**WHAT THE TASK ASKS**
Stop after the line holding "line L10 (-48.8765, -28.5347)". Repeat exactly every line before it in the records below, that line too, and leave out the pictures.

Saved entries

+++++

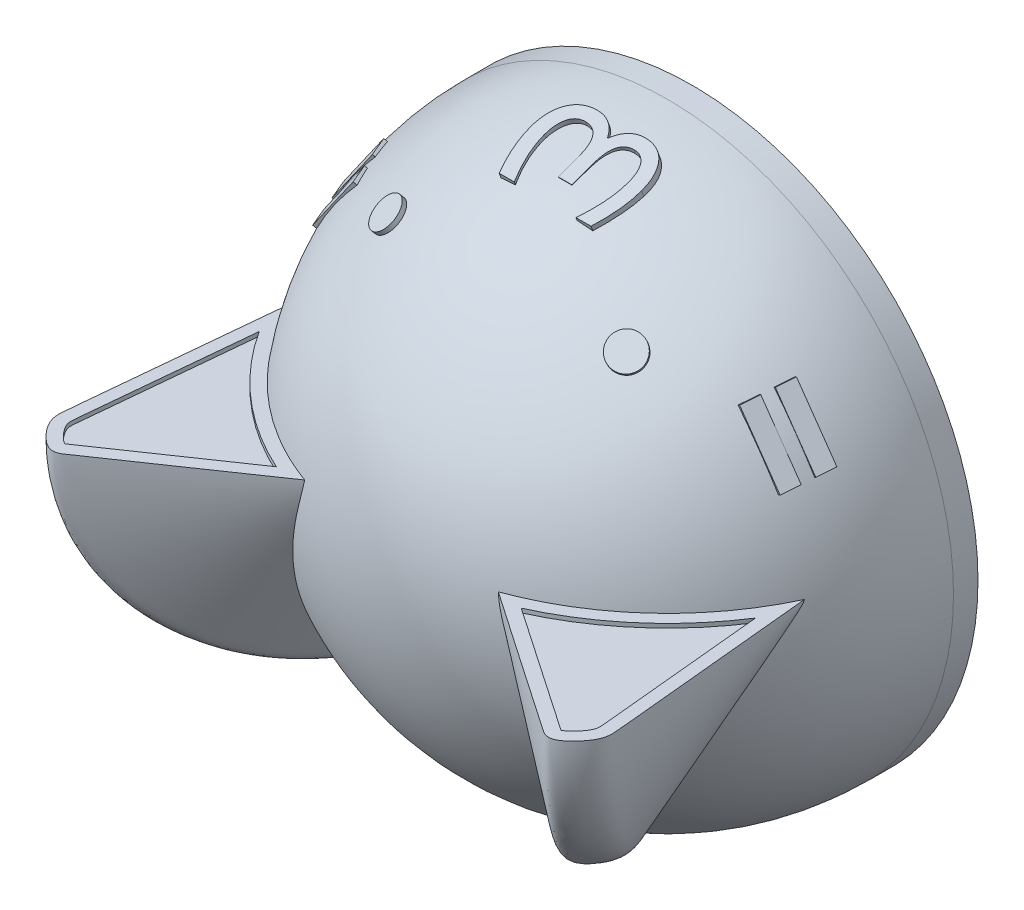
SolidWorks part; units mm, degrees
ref_plane "Front Plane" through (0, 0, 0) normal (0, 0, 1) x (1, 0, 0)
ref_plane "Top Plane" through (0, 0, 0) normal (0, 1, 0) x (1, 0, 0)
ref_plane "Right Plane" through (0, 0, 0) normal (1, 0, 0) x (0, 0, -1)
sketch "Sketch2" plane through (0, 0, 0) normal (0, 0, 1) x (1, 0, 0)
  circle A0 centre (0, 0) radius 70
  dimension "D1" = 140
sketch "Sketch1" plane through (0, 0, 0) normal (0, 0, 1) x (1, 0, 0)
  line L8 (48.8765, 46.4076) -> (-48.8765, 46.4076)
  line L9 (-48.8765, 46.4076) -> (-48.8765, -28.5347)
  line L10 (-48.8765, -28.5347) -> (48.8765, -28.5347)
  line L11 (48.8765, -28.5347) -> (48.8765, 46.4076)
  line L12 (48.8765, 46.4076) -> (-48.8765, 46.4076)
  line L13 (-48.8765, 46.4076) -> (-48.8765, -28.5347)
  line L14 (-48.8765, -28.5347) -> (48.8765, -28.5347)
  line L15 (48.8765, -28.5347) -> (48.8765, 46.4076)
  dimension "D2" = 2.75
extrude "Boss-Extrude1" add sketch "Sketch2" along normal blind 6
extrude "Cut-Extrude1" cut sketch "Sketch1" along normal blind 5
dome "Dome1" faces to dome 1 distance 70 reverse direction no elliptical dome no face at (70, 0, 6) parameters "D1"=70
ref_plane "Plane1" through (0, 10, 0) normal (0, 1, 0) x (1, 0, 0)
sketch "Sketch6" plane through (0, 10, 0) normal (0, 1, 0) x (1, 0, 0)
  line L0 (-62.7908, -35.2799) -> (-69.282, -102.407) construction
  line L2 (70, -6) -> (-70, -6) construction
  line L3 (-69.282, -102.407) -> (-23.6959, -71.1038) construction
  line L4 (-62.7908, -35.2799) -> (0, -6) construction
  line L5 (0, -6) -> (-23.6959, -71.1038) construction
  line L6 (0, -6) -> (0, 0) construction
  arc A0 (-69.282, -6) -> (69.282, -6) centre (0, -6) ccw
  arc A1 (-69.282, -6) -> (69.282, -6) centre (0, -6) ccw construction
  arc A2 (-62.7908, -35.2799) -> (-23.6959, -71.1038) centre (0, -6) ccw
  spline S0 degree 3 poles (-62.7908, -35.2799) (-64.4136, -52.0616) (-66.0364, -68.8434) (-67.6592, -85.6252) (-67.801, -87.0913) (-68.0846, -90.0236) (-61.5282, -97.0826) (-59.0997, -95.415) (-57.8855, -94.5812) (-46.4889, -86.7554) (-35.0924, -78.9296) (-23.6959, -71.1038) knots 0 0 0 0 0.480293 0.480293 0.480293 0.522253 0.564213 0.606173 0.606173 0.606173 1 1 1 1
  dimension "D2" = 50
  dimension "D3" = 20
  dimension "D4" = 45
ref_axis "Axis1" through (-69.282, 10, 102.407) along (0.5836, 0, -0.8121)
ref_plane "Plane2" through (2.8434, 0, 2.0434) normal (0.8121, 0, 0.5836) x (0.3406, -0.8121, -0.4739)
sketch "Sketch7" plane through (2.8434, 0, 2.0434) normal (0.8121, 0, 0.5836) x (0.3406, -0.8121, -0.4739)
  line L0 (-46.2239, -47.1856) -> (-74.5562, -86.6104) construction
  line L1 (-46.2239, -47.1856) -> (-74.5562, -86.6104) construction
  line L2 (12.6309, 34.7118) -> (-51.3954, -54.3818) construction
  line L3 (-46.2239, -47.1856) -> (-74.5562, -86.6104) construction
  arc A0 (-59.6874, 36.8938) -> (54.0006, -44.8071) centre (-2.8434, -3.9566) ccw
  arc A1 (-59.6874, 36.8938) -> (54.0006, -44.8071) centre (-2.8434, -3.9566) ccw construction
  arc A2 (-74.5562, -86.6104) -> (-3.9128, -73.9485) centre (-45.3773, -46.0075) ccw
  arc A3 (-59.6874, 36.8938) -> (54.0006, -44.8071) centre (-2.8434, -3.9566) ccw construction
  dimension "D1" = 50
sweep "Sweep1" add profiles "Sketch6" path "Sketch7"
mirror "Mirror1" about plane through (0, 0, 0) normal (1, 0, 0) of "Sweep1"
sketch "Sketch8" plane through (0, 10, 0) normal (0, 1, 0) x (1, 0, 0)
  line L0 (-60.7052, -92.783) -> (-29.9727, -71.7748)
  arc A2 (-60.7352, -45.1908) -> (-29.9727, -71.7748) centre (0, -6) ccw
  arc A3 (-60.7352, -45.1908) -> (-29.9727, -71.7748) centre (0, -6) ccw
  spline S2 degree 3 poles (228.0161, 2940.8674) (130.9731, 1937.3188) (33.5339, 929.6722) (-64.0045, -78.9989) (-64.5246, -84.3774) (-64.6484, -85.658) (-64.6979, -86.1702) (-64.7231, -86.4263) (-64.7569, -86.9394) (-64.7656, -87.1964) (-64.7356, -87.7127) (-64.6944, -87.9682) (-64.4849, -88.7007) (-64.2349, -89.1595) (-63.6777, -90.016) (-63.3673, -90.4201) (-62.7014, -91.1945) (-62.3441, -91.5657) (-61.7717, -92.0782) (-61.5747, -92.2419) (-61.2636, -92.4698) (-61.1577, -92.5426) (-60.9941, -92.6432) (-60.9387, -92.6753) (-57.0734, -94.7057) (-50.633, -92.1765) (1454.5839, 2489.9947) knots -60.722746 -60.722746 -60.722746 -60.722746 0.5 0.75 0.8125 0.828125 0.828125 0.84375 0.84375 0.859375 0.859375 0.875 0.875 0.90625 0.90625 0.9375 0.9375 0.96875 0.96875 0.984375 0.984375 0.992188 0.992188 0.996094 0.996094 1.25844 1.25844 1.25844 1.25844 only from (-60.7352, -45.1908) to (-60.7052, -92.783)
  spline S3 degree 3 poles (-60.7352, -45.1908) (-61.5278, -53.3867) (-62.7166, -65.6805) (-64.0045, -78.9989) (-64.5246, -84.3774) (-64.6484, -85.658) (-64.6979, -86.1702) (-64.7231, -86.4263) (-64.7569, -86.9394) (-64.7656, -87.1964) (-64.7356, -87.7127) (-64.6944, -87.9682) (-64.4849, -88.7007) (-64.2349, -89.1595) (-63.6777, -90.016) (-63.3673, -90.4201) (-62.7014, -91.1945) (-62.3441, -91.5657) (-61.7717, -92.0782) (-61.5747, -92.2419) (-61.2636, -92.4698) (-61.1577, -92.5426) (-60.9941, -92.6432) (-60.9387, -92.6753) (-60.8253, -92.7349) (-60.768, -92.7637) (-60.7052, -92.783) knots 0 0 0 0 0.5 0.75 0.8125 0.828125 0.828125 0.84375 0.84375 0.859375 0.859375 0.875 0.875 0.90625 0.90625 0.9375 0.9375 0.96875 0.96875 0.984375 0.984375 0.992188 0.992188 0.996094 0.996094 1 1 1 1
  dimension "D1" = 3
extrude "Cut-Extrude2" cut sketch "Sketch8" against normal blind 1
mirror "Mirror2" about plane through (0, 0, 0) normal (1, 0, 0) of "Cut-Extrude2"
ref_plane "Plane3" through (0, 0, 45) normal (0, 0, -1) x (-1, 0, 0)
sketch "Sketch9" plane through (0, 0, 45) normal (0, 0, -1) x (-1, 0, 0)
  line L0 (0, 0) -> (0, 58.1292) construction
  line L1 (0, 0) -> (29.0646, 50.3413) construction
  arc A0 (57.2626, 10) -> (-57.2626, 10) centre (0, 0) ccw
  arc A1 (-57.6814, -7.2011) -> (57.6814, -7.2011) centre (0, 0) ccw
  arc A2 (-57.6814, -7.2011) -> (57.6814, -7.2011) centre (0, 0) ccw construction
  arc A3 (57.2626, 10) -> (-57.2626, 10) centre (0, 0) ccw construction
  dimension "D1" = 30
ref_plane "Plane4" through (-29.0646, 50.3413, 45) normal (-0.4152, 0.7192, 0.5571) x (0.9097, 0.3314, 0.2502)
sketch "Sketch10" plane through (-29.0646, 50.3413, 45) normal (-0.4152, 0.7192, 0.5571) x (0.9097, 0.3314, 0.2502)
  circle A0 centre (0, 0) radius 4
  point P0 (0, 0)
  dimension "D1" = 8
extrude "Boss-Extrude2" add sketch "Sketch10" against normal blind 1 and the other way blind 1 contours A0
mirror "Mirror3" about plane through (0, 0, 0) normal (1, 0, 0) of "Boss-Extrude2"
ref_plane "Plane5" through (0, 0, 30) normal (0, 0, -1) x (-1, 0, 0)
sketch "Sketch11" plane through (0, 0, 30) normal (0, 0, -1) x (-1, 0, 0)
  line L0 (0, 0) -> (0, 65.7571)
  line L1 (0, 0) -> (53.8651, 37.7167)
  circle A0 centre (0, 0) radius 65.7571
  circle A1 centre (0, 0) radius 65.7571
  dimension "D1" = 55
ref_plane "Plane6" through (0, 65.7571, 30) normal (0, 0.9394, 0.3429) x (1, 0, 0)
sketch "Sketch13" plane through (0, 65.7571, 30) normal (0, 0.9394, 0.3429) x (1, 0, 0)
  line L1 (-20.6544, -1.8637) -> (20.6544, -1.8637) construction
  line L2 (-20.6544, -1.8637) -> (-20.6544, 13.1363) construction
  line L3 (-20.6544, 13.1363) -> (20.6544, 13.1363) construction
  line L4 (20.6544, -1.8637) -> (20.6544, 13.1363) construction
  line L5 (-20.6544, -1.8637) -> (20.6544, 13.1363) construction
  line L6 (-20.6544, 13.1363) -> (20.6544, -1.8637) construction
  text T0 "ω" font "@Microsoft YaHei" height in points 96
  point P0 (0, 5.6363)
  dimension "D1" = 15
extrude "Boss-Extrude3" add sketch "Sketch13" along normal blind 0.1 and the other way blind 2
ref_plane "Plane7" through (-53.8651, 37.7167, 30) normal (-0.7695, 0.5388, 0.3429) x (0.2809, -0.1967, 0.9394)
sketch "Sketch15" plane through (-53.8651, 37.7167, 30) normal (-0.7695, 0.5388, 0.3429) x (0.2809, -0.1967, 0.9394)
  line L1 (-12.2488, -19.3346) -> (12.2488, -19.3346) construction
  line L2 (-12.2488, -19.3346) -> (-12.2488, 19.3346) construction
  line L3 (-12.2488, 19.3346) -> (12.2488, 19.3346) construction
  line L4 (12.2488, -19.3346) -> (12.2488, 19.3346) construction
  line L5 (-12.2488, -19.3346) -> (12.2488, 19.3346) construction
  line L6 (-12.2488, 19.3346) -> (12.2488, -19.3346) construction
  text T0 "=" font "Century Gothic" height in points 96
  point P0 (0, 0)
  point P1 (0, 0)
extrude "Boss-Extrude4" add sketch "Sketch15" along normal blind 0.1 and the other way blind 2
mirror "Mirror4" about plane through (0, 0, 0) normal (1, 0, 0) of "Boss-Extrude4"
sketch "Sketch16" plane through (0, 0, 0) normal (0, 0, -1) x (-1, 0, 0)
  line L0 (0, 70) -> (0, -70) construction
  circle A0 centre (0, 0) radius 70 construction
  point P0 (0, 70)

+++++

**EXPECTED OUTPUT**
SolidWorks part; units mm, degrees
ref_plane "Front Plane" through (0, 0, 0) normal (0, 0, 1) x (1, 0, 0)
ref_plane "Top Plane" through (0, 0, 0) normal (0, 1, 0) x (1, 0, 0)
ref_plane "Right Plane" through (0, 0, 0) normal (1, 0, 0) x (0, 0, -1)
sketch "Sketch2" plane through (0, 0, 0) normal (0, 0, 1) x (1, 0, 0)
  circle A0 centre (0, 0) radius 70
  dimension "D1" = 140
sketch "Sketch1" plane through (0, 0, 0) normal (0, 0, 1) x (1, 0, 0)
  line L8 (48.8765, 46.4076) -> (-48.8765, 46.4076)
  line L9 (-48.8765, 46.4076) -> (-48.8765, -28.5347)
  line L10 (-48.8765, -28.5347) -> (48.8765, -28.5347)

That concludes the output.